◆ PROVIDED INFORMATION ◆
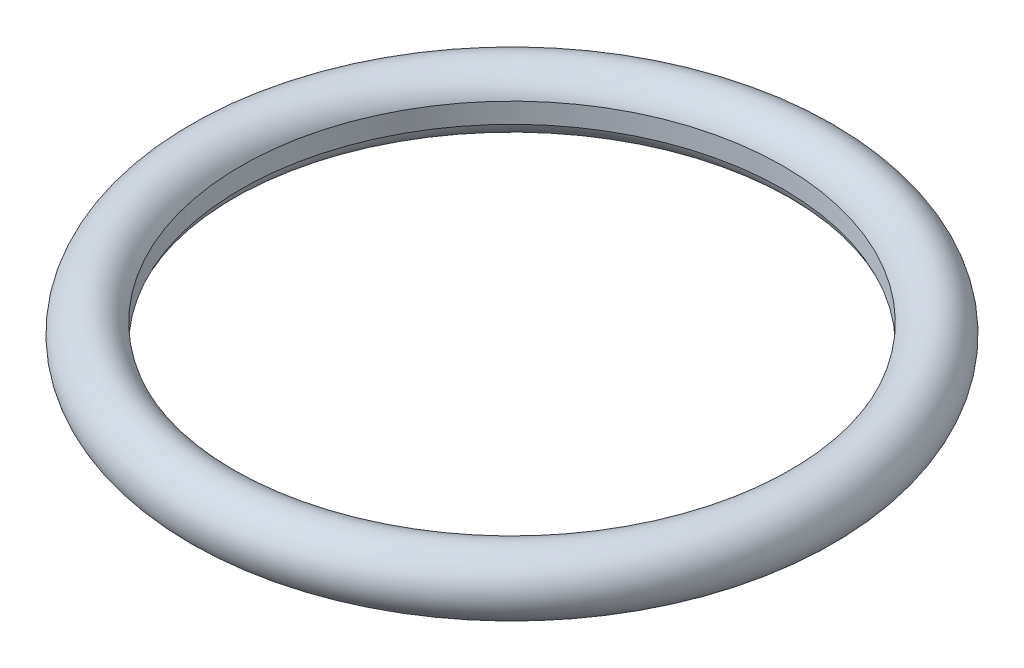
ISO-10303-21;
HEADER;
FILE_DESCRIPTION(('STEP AP214'),'2;1');
FILE_NAME('part.step','',(''),(''),'','','');
FILE_SCHEMA(('AUTOMOTIVE_DESIGN { 1 0 10303 214 1 1 1 1 }'));
ENDSEC;
DATA;
#1=APPLICATION_CONTEXT('core data for automotive mechanical design processes');
#2=APPLICATION_PROTOCOL_DEFINITION('international standard','automotive_design',2000,#1);
#3=PRODUCT_CONTEXT('',#1,'mechanical');
#4=PRODUCT('Part','Part','',(#3));
#5=PRODUCT_RELATED_PRODUCT_CATEGORY('part','',(#4));
#6=PRODUCT_DEFINITION_FORMATION('','',#4);
#7=PRODUCT_DEFINITION_CONTEXT('part definition',#1,'design');
#8=PRODUCT_DEFINITION('design','',#6,#7);
#9=PRODUCT_DEFINITION_SHAPE('','',#8);
#10=(LENGTH_UNIT() NAMED_UNIT(*) SI_UNIT(.MILLI.,.METRE.));
#11=(NAMED_UNIT(*) PLANE_ANGLE_UNIT() SI_UNIT($,.RADIAN.));
#12=(NAMED_UNIT(*) SI_UNIT($,.STERADIAN.) SOLID_ANGLE_UNIT());
#13=UNCERTAINTY_MEASURE_WITH_UNIT(LENGTH_MEASURE(1.E-05),#10,'distance_accuracy_value','');
#14=(GEOMETRIC_REPRESENTATION_CONTEXT(3) GLOBAL_UNCERTAINTY_ASSIGNED_CONTEXT((#13)) GLOBAL_UNIT_ASSIGNED_CONTEXT((#10,
#11,#12)) REPRESENTATION_CONTEXT('',''));
#15=CARTESIAN_POINT('',(0.,0.,0.));
#16=DIRECTION('',(0.,0.,1.));
#17=DIRECTION('',(1.,0.,0.));
#18=AXIS2_PLACEMENT_3D('',#15,#16,#17);
#19=CARTESIAN_POINT('',(0.,0.,0.));
#20=DIRECTION('',(0.,-1.,0.));
#21=DIRECTION('',(0.,0.,-1.));
#22=AXIS2_PLACEMENT_3D('',#19,#20,#21);
#23=TOROIDAL_SURFACE('',#22,14.9142135623731,1.5);
#24=CARTESIAN_POINT('',(0.,-0.5,0.));
#25=DIRECTION('',(0.,-1.,0.));
#26=DIRECTION('',(0.,0.,-1.));
#27=AXIS2_PLACEMENT_3D('',#24,#25,#26);
#28=CIRCLE('',#27,13.5);
#29=CARTESIAN_POINT('',(0.,-0.5,-13.5));
#30=VERTEX_POINT('',#29);
#31=EDGE_CURVE('E10',#30,#30,#28,.T.);
#32=ORIENTED_EDGE('',*,*,#31,.F.);
#33=EDGE_LOOP('',(#32));
#34=FACE_BOUND('',#33,.T.);
#35=CARTESIAN_POINT('',(0.,0.5,0.));
#36=DIRECTION('',(0.,-1.,0.));
#37=DIRECTION('',(0.,0.,-1.));
#38=AXIS2_PLACEMENT_3D('',#35,#36,#37);
#39=CIRCLE('',#38,13.5);
#40=CARTESIAN_POINT('',(0.,0.5,-13.5));
#41=VERTEX_POINT('',#40);
#42=EDGE_CURVE('E36',#41,#41,#39,.T.);
#43=ORIENTED_EDGE('',*,*,#42,.T.);
#44=EDGE_LOOP('',(#43));
#45=FACE_BOUND('',#44,.T.);
#46=ADVANCED_FACE('F30',(#34,#45),#23,.T.);
#47=CARTESIAN_POINT('',(0.,0.,0.));
#48=DIRECTION('',(0.,-1.,0.));
#49=DIRECTION('',(0.,0.,-1.));
#50=AXIS2_PLACEMENT_3D('',#47,#48,#49);
#51=CYLINDRICAL_SURFACE('',#50,13.5);
#52=ORIENTED_EDGE('',*,*,#42,.F.);
#53=EDGE_LOOP('',(#52));
#54=FACE_BOUND('',#53,.T.);
#55=ORIENTED_EDGE('',*,*,#31,.T.);
#56=EDGE_LOOP('',(#55));
#57=FACE_BOUND('',#56,.T.);
#58=ADVANCED_FACE('F43',(#54,#57),#51,.F.);
#59=CLOSED_SHELL('',(#46,#58));
#60=MANIFOLD_SOLID_BREP('B2',#59);
#61=ADVANCED_BREP_SHAPE_REPRESENTATION('',(#18,#60),#14);
#62=SHAPE_DEFINITION_REPRESENTATION(#9,#61);
ENDSEC;
END-ISO-10303-21;

◆ YOUR TASK ◆
Leave out the pictures and return the rest of the records exactly.

◆ EXERCISE OUTPUT ◆
ISO-10303-21;
HEADER;
FILE_DESCRIPTION(('STEP AP214'),'2;1');
FILE_NAME('part.step','',(''),(''),'','','');
FILE_SCHEMA(('AUTOMOTIVE_DESIGN { 1 0 10303 214 1 1 1 1 }'));
ENDSEC;
DATA;
#1=APPLICATION_CONTEXT('core data for automotive mechanical design processes');
#2=APPLICATION_PROTOCOL_DEFINITION('international standard','automotive_design',2000,#1);
#3=PRODUCT_CONTEXT('',#1,'mechanical');
#4=PRODUCT('Part','Part','',(#3));
#5=PRODUCT_RELATED_PRODUCT_CATEGORY('part','',(#4));
#6=PRODUCT_DEFINITION_FORMATION('','',#4);
#7=PRODUCT_DEFINITION_CONTEXT('part definition',#1,'design');
#8=PRODUCT_DEFINITION('design','',#6,#7);
#9=PRODUCT_DEFINITION_SHAPE('','',#8);
#10=(LENGTH_UNIT() NAMED_UNIT(*) SI_UNIT(.MILLI.,.METRE.));
#11=(NAMED_UNIT(*) PLANE_ANGLE_UNIT() SI_UNIT($,.RADIAN.));
#12=(NAMED_UNIT(*) SI_UNIT($,.STERADIAN.) SOLID_ANGLE_UNIT());
#13=UNCERTAINTY_MEASURE_WITH_UNIT(LENGTH_MEASURE(1.E-05),#10,'distance_accuracy_value','');
#14=(GEOMETRIC_REPRESENTATION_CONTEXT(3) GLOBAL_UNCERTAINTY_ASSIGNED_CONTEXT((#13)) GLOBAL_UNIT_ASSIGNED_CONTEXT((#10,
#11,#12)) REPRESENTATION_CONTEXT('',''));
#15=CARTESIAN_POINT('',(0.,0.,0.));
#16=DIRECTION('',(0.,0.,1.));
#17=DIRECTION('',(1.,0.,0.));
#18=AXIS2_PLACEMENT_3D('',#15,#16,#17);
#19=CARTESIAN_POINT('',(0.,0.,0.));
#20=DIRECTION('',(0.,-1.,0.));
#21=DIRECTION('',(0.,0.,-1.));
#22=AXIS2_PLACEMENT_3D('',#19,#20,#21);
#23=TOROIDAL_SURFACE('',#22,14.9142135623731,1.5);
#24=CARTESIAN_POINT('',(0.,-0.5,0.));
#25=DIRECTION('',(0.,-1.,0.));
#26=DIRECTION('',(0.,0.,-1.));
#27=AXIS2_PLACEMENT_3D('',#24,#25,#26);
#28=CIRCLE('',#27,13.5);
#29=CARTESIAN_POINT('',(0.,-0.5,-13.5));
#30=VERTEX_POINT('',#29);
#31=EDGE_CURVE('E10',#30,#30,#28,.T.);
#32=ORIENTED_EDGE('',*,*,#31,.F.);
#33=EDGE_LOOP('',(#32));
#34=FACE_BOUND('',#33,.T.);
#35=CARTESIAN_POINT('',(0.,0.5,0.));
#36=DIRECTION('',(0.,-1.,0.));
#37=DIRECTION('',(0.,0.,-1.));
#38=AXIS2_PLACEMENT_3D('',#35,#36,#37);
#39=CIRCLE('',#38,13.5);
#40=CARTESIAN_POINT('',(0.,0.5,-13.5));
#41=VERTEX_POINT('',#40);
#42=EDGE_CURVE('E36',#41,#41,#39,.T.);
#43=ORIENTED_EDGE('',*,*,#42,.T.);
#44=EDGE_LOOP('',(#43));
#45=FACE_BOUND('',#44,.T.);
#46=ADVANCED_FACE('F30',(#34,#45),#23,.T.);
#47=CARTESIAN_POINT('',(0.,0.,0.));
#48=DIRECTION('',(0.,-1.,0.));
#49=DIRECTION('',(0.,0.,-1.));
#50=AXIS2_PLACEMENT_3D('',#47,#48,#49);
#51=CYLINDRICAL_SURFACE('',#50,13.5);
#52=ORIENTED_EDGE('',*,*,#42,.F.);
#53=EDGE_LOOP('',(#52));
#54=FACE_BOUND('',#53,.T.);
#55=ORIENTED_EDGE('',*,*,#31,.T.);
#56=EDGE_LOOP('',(#55));
#57=FACE_BOUND('',#56,.T.);
#58=ADVANCED_FACE('F43',(#54,#57),#51,.F.);
#59=CLOSED_SHELL('',(#46,#58));
#60=MANIFOLD_SOLID_BREP('B2',#59);
#61=ADVANCED_BREP_SHAPE_REPRESENTATION('',(#18,#60),#14);
#62=SHAPE_DEFINITION_REPRESENTATION(#9,#61);
ENDSEC;
END-ISO-10303-21;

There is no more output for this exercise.